Although Linux can run in a partition on a mainframe, the real advantage is to run large numbers of Linux server images in virtual machines under z/VM. z/VM is an operating system that provides virtual machine environments to its "guests," thus giving each guest the view of an entire machine. This virtual machine implementation allows for supporting a large number of Linux images limited only by system resources. Real deployments have provided thousands of Linux servers running as guests in virtual machines hosted by z/VM on a single mainframe.

Resources can be shared among the Linux images, and high-speed virtual networks are possible. These virtual networks essentially run at memory speed, because there is no need to send packets onto a wire to reach other Linux guests.
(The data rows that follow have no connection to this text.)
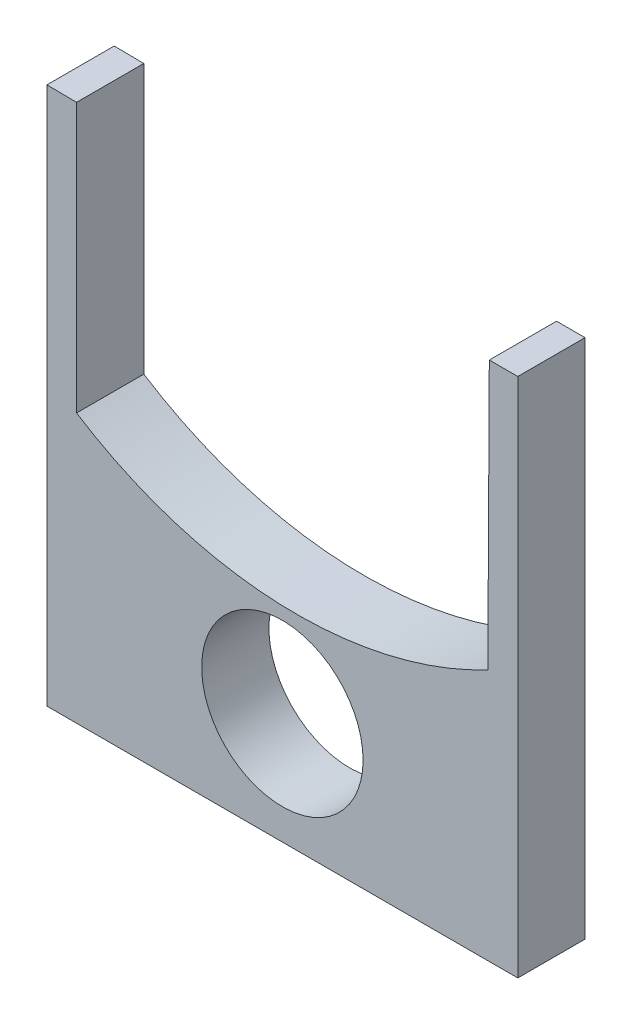
ISO-10303-21;
HEADER;
FILE_DESCRIPTION(('STEP AP214'),'2;1');
FILE_NAME('part.step','',(''),(''),'','','');
FILE_SCHEMA(('AUTOMOTIVE_DESIGN { 1 0 10303 214 1 1 1 1 }'));
ENDSEC;
DATA;
#1=APPLICATION_CONTEXT('core data for automotive mechanical design processes');
#2=APPLICATION_PROTOCOL_DEFINITION('international standard','automotive_design',2000,#1);
#3=PRODUCT_CONTEXT('',#1,'mechanical');
#4=PRODUCT('Part','Part','',(#3));
#5=PRODUCT_RELATED_PRODUCT_CATEGORY('part','',(#4));
#6=PRODUCT_DEFINITION_FORMATION('','',#4);
#7=PRODUCT_DEFINITION_CONTEXT('part definition',#1,'design');
#8=PRODUCT_DEFINITION('design','',#6,#7);
#9=PRODUCT_DEFINITION_SHAPE('','',#8);
#10=(LENGTH_UNIT() NAMED_UNIT(*) SI_UNIT(.MILLI.,.METRE.));
#11=(NAMED_UNIT(*) PLANE_ANGLE_UNIT() SI_UNIT($,.RADIAN.));
#12=(NAMED_UNIT(*) SI_UNIT($,.STERADIAN.) SOLID_ANGLE_UNIT());
#13=UNCERTAINTY_MEASURE_WITH_UNIT(LENGTH_MEASURE(1.E-05),#10,'distance_accuracy_value','');
#14=(GEOMETRIC_REPRESENTATION_CONTEXT(3) GLOBAL_UNCERTAINTY_ASSIGNED_CONTEXT((#13)) GLOBAL_UNIT_ASSIGNED_CONTEXT((#10,
#11,#12)) REPRESENTATION_CONTEXT('',''));
#15=CARTESIAN_POINT('',(0.,0.,0.));
#16=DIRECTION('',(0.,0.,1.));
#17=DIRECTION('',(1.,0.,0.));
#18=AXIS2_PLACEMENT_3D('',#15,#16,#17);
#19=CARTESIAN_POINT('',(1.0586356545803,19.5319103845427,5.));
#20=DIRECTION('',(0.,0.,-1.));
#21=DIRECTION('',(-1.,0.,0.));
#22=AXIS2_PLACEMENT_3D('',#19,#20,#21);
#23=PLANE('',#22);
#24=DIRECTION('',(-0.00549442255794869,-0.999984905546456,0.));
#25=VECTOR('',#24,1.);
#26=CARTESIAN_POINT('',(15.3824163383692,12.6612044888398,5.));
#27=LINE('',#26,#25);
#28=CARTESIAN_POINT('',(15.3824163383692,12.6612044888398,5.));
#29=VERTEX_POINT('',#28);
#30=CARTESIAN_POINT('',(15.2725278872103,-7.33849362208936,5.));
#31=VERTEX_POINT('',#30);
#32=EDGE_CURVE('E145',#29,#31,#27,.T.);
#33=ORIENTED_EDGE('',*,*,#32,.T.);
#34=CARTESIAN_POINT('',(1.0586356545803,19.5319103845427,5.));
#35=DIRECTION('',(0.,0.,-1.));
#36=DIRECTION('',(-1.,0.,0.));
#37=AXIS2_PLACEMENT_3D('',#34,#35,#36);
#38=CIRCLE('',#37,30.3982457368915);
#39=CARTESIAN_POINT('',(-15.3001453152351,-6.08924550394231,5.));
#40=VERTEX_POINT('',#39);
#41=EDGE_CURVE('E93',#31,#40,#38,.T.);
#42=ORIENTED_EDGE('',*,*,#41,.T.);
#43=DIRECTION('',(0.,1.,0.));
#44=VECTOR('',#43,1.);
#45=CARTESIAN_POINT('',(-15.3001453152351,13.9107544960577,5.));
#46=LINE('',#45,#44);
#47=CARTESIAN_POINT('',(-15.3001453152351,13.9107544960577,5.));
#48=VERTEX_POINT('',#47);
#49=EDGE_CURVE('E160',#40,#48,#46,.T.);
#50=ORIENTED_EDGE('',*,*,#49,.T.);
#51=DIRECTION('',(-0.999933947620391,0.0114934936508106,0.));
#52=VECTOR('',#51,1.);
#53=CARTESIAN_POINT('',(-17.5,13.9360401820895,5.));
#54=LINE('',#53,#52);
#55=CARTESIAN_POINT('',(-17.5,13.9360401820895,5.));
#56=VERTEX_POINT('',#55);
#57=EDGE_CURVE('E173',#48,#56,#54,.T.);
#58=ORIENTED_EDGE('',*,*,#57,.T.);
#59=DIRECTION('',(0.,-1.,0.));
#60=VECTOR('',#59,1.);
#61=CARTESIAN_POINT('',(-17.5,-26.0639598179105,5.));
#62=LINE('',#61,#60);
#63=CARTESIAN_POINT('',(-17.5,-26.0639598179105,5.));
#64=VERTEX_POINT('',#63);
#65=EDGE_CURVE('E112',#56,#64,#62,.T.);
#66=ORIENTED_EDGE('',*,*,#65,.T.);
#67=DIRECTION('',(1.,0.,0.));
#68=VECTOR('',#67,1.);
#69=CARTESIAN_POINT('',(17.5,-26.0639598179105,5.));
#70=LINE('',#69,#68);
#71=CARTESIAN_POINT('',(17.5,-26.0639598179105,5.));
#72=VERTEX_POINT('',#71);
#73=EDGE_CURVE('E106',#64,#72,#70,.T.);
#74=ORIENTED_EDGE('',*,*,#73,.T.);
#75=DIRECTION('',(0.,1.,0.));
#76=VECTOR('',#75,1.);
#77=CARTESIAN_POINT('',(17.5,-26.0639598179105,5.));
#78=LINE('',#77,#76);
#79=CARTESIAN_POINT('',(17.5,12.6612044888398,5.));
#80=VERTEX_POINT('',#79);
#81=EDGE_CURVE('E110',#72,#80,#78,.T.);
#82=ORIENTED_EDGE('',*,*,#81,.T.);
#83=DIRECTION('',(-1.,0.,0.));
#84=VECTOR('',#83,1.);
#85=CARTESIAN_POINT('',(17.5,12.6612044888398,5.));
#86=LINE('',#85,#84);
#87=EDGE_CURVE('E50',#80,#29,#86,.T.);
#88=ORIENTED_EDGE('',*,*,#87,.T.);
#89=EDGE_LOOP('',(#33,#42,#50,#58,#66,#74,#82,#88));
#90=FACE_BOUND('',#89,.T.);
#91=CARTESIAN_POINT('',(0.,-17.7864885004553,5.));
#92=DIRECTION('',(0.,0.,1.));
#93=DIRECTION('',(1.,0.,0.));
#94=AXIS2_PLACEMENT_3D('',#91,#92,#93);
#95=CIRCLE('',#94,6.);
#96=CARTESIAN_POINT('',(6.,-17.7864885004553,5.));
#97=VERTEX_POINT('',#96);
#98=EDGE_CURVE('E134',#97,#97,#95,.T.);
#99=ORIENTED_EDGE('',*,*,#98,.F.);
#100=EDGE_LOOP('',(#99));
#101=FACE_BOUND('',#100,.T.);
#102=ADVANCED_FACE('F33',(#90,#101),#23,.F.);
#103=CARTESIAN_POINT('',(1.0586356545803,19.5319103845427,0.));
#104=DIRECTION('',(0.,0.,-1.));
#105=DIRECTION('',(-1.,0.,0.));
#106=AXIS2_PLACEMENT_3D('',#103,#104,#105);
#107=PLANE('',#106);
#108=DIRECTION('',(-0.00549442255794869,-0.999984905546456,0.));
#109=VECTOR('',#108,1.);
#110=CARTESIAN_POINT('',(15.3824163383692,12.6612044888398,0.));
#111=LINE('',#110,#109);
#112=CARTESIAN_POINT('',(15.3824163383692,12.6612044888398,0.));
#113=VERTEX_POINT('',#112);
#114=CARTESIAN_POINT('',(15.2725278872103,-7.33849362208936,0.));
#115=VERTEX_POINT('',#114);
#116=EDGE_CURVE('E130',#113,#115,#111,.T.);
#117=ORIENTED_EDGE('',*,*,#116,.F.);
#118=DIRECTION('',(-1.,0.,0.));
#119=VECTOR('',#118,1.);
#120=CARTESIAN_POINT('',(17.5,12.6612044888398,0.));
#121=LINE('',#120,#119);
#122=CARTESIAN_POINT('',(17.5,12.6612044888398,0.));
#123=VERTEX_POINT('',#122);
#124=EDGE_CURVE('E85',#123,#113,#121,.T.);
#125=ORIENTED_EDGE('',*,*,#124,.F.);
#126=DIRECTION('',(0.,1.,0.));
#127=VECTOR('',#126,1.);
#128=CARTESIAN_POINT('',(17.5,-26.0639598179105,0.));
#129=LINE('',#128,#127);
#130=CARTESIAN_POINT('',(17.5,-26.0639598179105,0.));
#131=VERTEX_POINT('',#130);
#132=EDGE_CURVE('E79',#131,#123,#129,.T.);
#133=ORIENTED_EDGE('',*,*,#132,.F.);
#134=DIRECTION('',(1.,0.,0.));
#135=VECTOR('',#134,1.);
#136=CARTESIAN_POINT('',(17.5,-26.0639598179105,0.));
#137=LINE('',#136,#135);
#138=CARTESIAN_POINT('',(-17.5,-26.0639598179105,0.));
#139=VERTEX_POINT('',#138);
#140=EDGE_CURVE('E120',#139,#131,#137,.T.);
#141=ORIENTED_EDGE('',*,*,#140,.F.);
#142=DIRECTION('',(0.,-1.,0.));
#143=VECTOR('',#142,1.);
#144=CARTESIAN_POINT('',(-17.5,-26.0639598179105,0.));
#145=LINE('',#144,#143);
#146=CARTESIAN_POINT('',(-17.5,13.9360401820895,0.));
#147=VERTEX_POINT('',#146);
#148=EDGE_CURVE('E140',#147,#139,#145,.T.);
#149=ORIENTED_EDGE('',*,*,#148,.F.);
#150=DIRECTION('',(-0.999933947620391,0.0114934936508106,0.));
#151=VECTOR('',#150,1.);
#152=CARTESIAN_POINT('',(-17.5,13.9360401820895,0.));
#153=LINE('',#152,#151);
#154=CARTESIAN_POINT('',(-15.3001453152351,13.9107544960577,0.));
#155=VERTEX_POINT('',#154);
#156=EDGE_CURVE('E138',#155,#147,#153,.T.);
#157=ORIENTED_EDGE('',*,*,#156,.F.);
#158=DIRECTION('',(0.,1.,0.));
#159=VECTOR('',#158,1.);
#160=CARTESIAN_POINT('',(-15.3001453152351,13.9107544960577,0.));
#161=LINE('',#160,#159);
#162=CARTESIAN_POINT('',(-15.3001453152351,-6.08924550394231,0.));
#163=VERTEX_POINT('',#162);
#164=EDGE_CURVE('E136',#163,#155,#161,.T.);
#165=ORIENTED_EDGE('',*,*,#164,.F.);
#166=CARTESIAN_POINT('',(1.0586356545803,19.5319103845427,0.));
#167=DIRECTION('',(0.,0.,-1.));
#168=DIRECTION('',(-1.,0.,0.));
#169=AXIS2_PLACEMENT_3D('',#166,#167,#168);
#170=CIRCLE('',#169,30.3982457368915);
#171=EDGE_CURVE('E133',#115,#163,#170,.T.);
#172=ORIENTED_EDGE('',*,*,#171,.F.);
#173=EDGE_LOOP('',(#117,#125,#133,#141,#149,#157,#165,#172));
#174=FACE_BOUND('',#173,.T.);
#175=CARTESIAN_POINT('',(0.,-17.7864885004553,0.));
#176=DIRECTION('',(0.,0.,1.));
#177=DIRECTION('',(1.,0.,0.));
#178=AXIS2_PLACEMENT_3D('',#175,#176,#177);
#179=CIRCLE('',#178,6.);
#180=CARTESIAN_POINT('',(6.,-17.7864885004553,0.));
#181=VERTEX_POINT('',#180);
#182=EDGE_CURVE('E179',#181,#181,#179,.T.);
#183=ORIENTED_EDGE('',*,*,#182,.T.);
#184=EDGE_LOOP('',(#183));
#185=FACE_BOUND('',#184,.T.);
#186=ADVANCED_FACE('F164',(#174,#185),#107,.T.);
#187=CARTESIAN_POINT('',(15.3824163383692,12.6612044888398,5.));
#188=DIRECTION('',(0.999984905546456,-0.00549442255794869,0.));
#189=DIRECTION('',(0.00549442255794869,0.999984905546456,0.));
#190=AXIS2_PLACEMENT_3D('',#187,#188,#189);
#191=PLANE('',#190);
#192=ORIENTED_EDGE('',*,*,#116,.T.);
#193=DIRECTION('',(0.,0.,-1.));
#194=VECTOR('',#193,1.);
#195=CARTESIAN_POINT('',(15.2725278872103,-7.33849362208936,5.));
#196=LINE('',#195,#194);
#197=EDGE_CURVE('E11',#31,#115,#196,.T.);
#198=ORIENTED_EDGE('',*,*,#197,.F.);
#199=ORIENTED_EDGE('',*,*,#32,.F.);
#200=DIRECTION('',(0.,0.,-1.));
#201=VECTOR('',#200,1.);
#202=CARTESIAN_POINT('',(15.3824163383692,12.6612044888398,5.));
#203=LINE('',#202,#201);
#204=EDGE_CURVE('E126',#29,#113,#203,.T.);
#205=ORIENTED_EDGE('',*,*,#204,.T.);
#206=EDGE_LOOP('',(#192,#198,#199,#205));
#207=FACE_BOUND('',#206,.T.);
#208=ADVANCED_FACE('F35',(#207),#191,.F.);
#209=CARTESIAN_POINT('',(1.0586356545803,19.5319103845427,5.));
#210=DIRECTION('',(0.,0.,-1.));
#211=DIRECTION('',(-1.,0.,0.));
#212=AXIS2_PLACEMENT_3D('',#209,#210,#211);
#213=CYLINDRICAL_SURFACE('',#212,30.3982457368915);
#214=ORIENTED_EDGE('',*,*,#171,.T.);
#215=DIRECTION('',(0.,0.,-1.));
#216=VECTOR('',#215,1.);
#217=CARTESIAN_POINT('',(-15.3001453152351,-6.08924550394231,5.));
#218=LINE('',#217,#216);
#219=EDGE_CURVE('E42',#40,#163,#218,.T.);
#220=ORIENTED_EDGE('',*,*,#219,.F.);
#221=ORIENTED_EDGE('',*,*,#41,.F.);
#222=ORIENTED_EDGE('',*,*,#197,.T.);
#223=EDGE_LOOP('',(#214,#220,#221,#222));
#224=FACE_BOUND('',#223,.T.);
#225=ADVANCED_FACE('F207',(#224),#213,.F.);
#226=CARTESIAN_POINT('',(-15.3001453152351,13.9107544960577,5.));
#227=DIRECTION('',(-1.,0.,0.));
#228=DIRECTION('',(0.,0.,1.));
#229=AXIS2_PLACEMENT_3D('',#226,#227,#228);
#230=PLANE('',#229);
#231=ORIENTED_EDGE('',*,*,#164,.T.);
#232=DIRECTION('',(0.,0.,-1.));
#233=VECTOR('',#232,1.);
#234=CARTESIAN_POINT('',(-15.3001453152351,13.9107544960577,5.));
#235=LINE('',#234,#233);
#236=EDGE_CURVE('E152',#48,#155,#235,.T.);
#237=ORIENTED_EDGE('',*,*,#236,.F.);
#238=ORIENTED_EDGE('',*,*,#49,.F.);
#239=ORIENTED_EDGE('',*,*,#219,.T.);
#240=EDGE_LOOP('',(#231,#237,#238,#239));
#241=FACE_BOUND('',#240,.T.);
#242=ADVANCED_FACE('F158',(#241),#230,.F.);
#243=CARTESIAN_POINT('',(-17.5,13.9360401820895,5.));
#244=DIRECTION('',(-0.0114934936508106,-0.999933947620391,0.));
#245=DIRECTION('',(0.999933947620391,-0.0114934936508106,0.));
#246=AXIS2_PLACEMENT_3D('',#243,#244,#245);
#247=PLANE('',#246);
#248=ORIENTED_EDGE('',*,*,#156,.T.);
#249=DIRECTION('',(0.,0.,-1.));
#250=VECTOR('',#249,1.);
#251=CARTESIAN_POINT('',(-17.5,13.9360401820895,5.));
#252=LINE('',#251,#250);
#253=EDGE_CURVE('E149',#56,#147,#252,.T.);
#254=ORIENTED_EDGE('',*,*,#253,.F.);
#255=ORIENTED_EDGE('',*,*,#57,.F.);
#256=ORIENTED_EDGE('',*,*,#236,.T.);
#257=EDGE_LOOP('',(#248,#254,#255,#256));
#258=FACE_BOUND('',#257,.T.);
#259=ADVANCED_FACE('F169',(#258),#247,.F.);
#260=CARTESIAN_POINT('',(-17.5,-26.0639598179105,5.));
#261=DIRECTION('',(1.,0.,0.));
#262=DIRECTION('',(0.,0.,-1.));
#263=AXIS2_PLACEMENT_3D('',#260,#261,#262);
#264=PLANE('',#263);
#265=ORIENTED_EDGE('',*,*,#148,.T.);
#266=DIRECTION('',(0.,0.,-1.));
#267=VECTOR('',#266,1.);
#268=CARTESIAN_POINT('',(-17.5,-26.0639598179105,5.));
#269=LINE('',#268,#267);
#270=EDGE_CURVE('E121',#64,#139,#269,.T.);
#271=ORIENTED_EDGE('',*,*,#270,.F.);
#272=ORIENTED_EDGE('',*,*,#65,.F.);
#273=ORIENTED_EDGE('',*,*,#253,.T.);
#274=EDGE_LOOP('',(#265,#271,#272,#273));
#275=FACE_BOUND('',#274,.T.);
#276=ADVANCED_FACE('F172',(#275),#264,.F.);
#277=CARTESIAN_POINT('',(17.5,-26.0639598179105,5.));
#278=DIRECTION('',(0.,1.,0.));
#279=DIRECTION('',(0.,0.,1.));
#280=AXIS2_PLACEMENT_3D('',#277,#278,#279);
#281=PLANE('',#280);
#282=ORIENTED_EDGE('',*,*,#140,.T.);
#283=DIRECTION('',(0.,0.,-1.));
#284=VECTOR('',#283,1.);
#285=CARTESIAN_POINT('',(17.5,-26.0639598179105,5.));
#286=LINE('',#285,#284);
#287=EDGE_CURVE('E117',#72,#131,#286,.T.);
#288=ORIENTED_EDGE('',*,*,#287,.F.);
#289=ORIENTED_EDGE('',*,*,#73,.F.);
#290=ORIENTED_EDGE('',*,*,#270,.T.);
#291=EDGE_LOOP('',(#282,#288,#289,#290));
#292=FACE_BOUND('',#291,.T.);
#293=ADVANCED_FACE('F118',(#292),#281,.F.);
#294=CARTESIAN_POINT('',(17.5,-26.0639598179105,5.));
#295=DIRECTION('',(-1.,0.,0.));
#296=DIRECTION('',(0.,0.,1.));
#297=AXIS2_PLACEMENT_3D('',#294,#295,#296);
#298=PLANE('',#297);
#299=ORIENTED_EDGE('',*,*,#132,.T.);
#300=DIRECTION('',(0.,0.,-1.));
#301=VECTOR('',#300,1.);
#302=CARTESIAN_POINT('',(17.5,12.6612044888398,5.));
#303=LINE('',#302,#301);
#304=EDGE_CURVE('E122',#80,#123,#303,.T.);
#305=ORIENTED_EDGE('',*,*,#304,.F.);
#306=ORIENTED_EDGE('',*,*,#81,.F.);
#307=ORIENTED_EDGE('',*,*,#287,.T.);
#308=EDGE_LOOP('',(#299,#305,#306,#307));
#309=FACE_BOUND('',#308,.T.);
#310=ADVANCED_FACE('F124',(#309),#298,.F.);
#311=CARTESIAN_POINT('',(17.5,12.6612044888398,5.));
#312=DIRECTION('',(0.,-1.,0.));
#313=DIRECTION('',(0.,0.,-1.));
#314=AXIS2_PLACEMENT_3D('',#311,#312,#313);
#315=PLANE('',#314);
#316=ORIENTED_EDGE('',*,*,#124,.T.);
#317=ORIENTED_EDGE('',*,*,#204,.F.);
#318=ORIENTED_EDGE('',*,*,#87,.F.);
#319=ORIENTED_EDGE('',*,*,#304,.T.);
#320=EDGE_LOOP('',(#316,#317,#318,#319));
#321=FACE_BOUND('',#320,.T.);
#322=ADVANCED_FACE('F195',(#321),#315,.F.);
#323=CARTESIAN_POINT('',(0.,-17.7864885004553,5.));
#324=DIRECTION('',(0.,0.,-1.));
#325=DIRECTION('',(-1.,0.,0.));
#326=AXIS2_PLACEMENT_3D('',#323,#324,#325);
#327=CYLINDRICAL_SURFACE('',#326,6.);
#328=ORIENTED_EDGE('',*,*,#98,.T.);
#329=EDGE_LOOP('',(#328));
#330=FACE_BOUND('',#329,.T.);
#331=ORIENTED_EDGE('',*,*,#182,.F.);
#332=EDGE_LOOP('',(#331));
#333=FACE_BOUND('',#332,.T.);
#334=ADVANCED_FACE('F185',(#330,#333),#327,.F.);
#335=CLOSED_SHELL('',(#102,#186,#208,#225,#242,#259,#276,#293,#310,#322,#334));
#336=MANIFOLD_SOLID_BREP('B2',#335);
#337=ADVANCED_BREP_SHAPE_REPRESENTATION('',(#18,#336),#14);
#338=SHAPE_DEFINITION_REPRESENTATION(#9,#337);
ENDSEC;
END-ISO-10303-21;

New instances of Linux virtual machines are created completely through software control and can be readily scripted. This simplifies system management and allows deployment of a new Linux server (as a guest to z/VM) in a matter of minutes, rather than the hours it would take to install a new physical server. Physical resources do not have to be reserved and dedicated for each guest; rather, under control of z/VM, all the system resources are shared.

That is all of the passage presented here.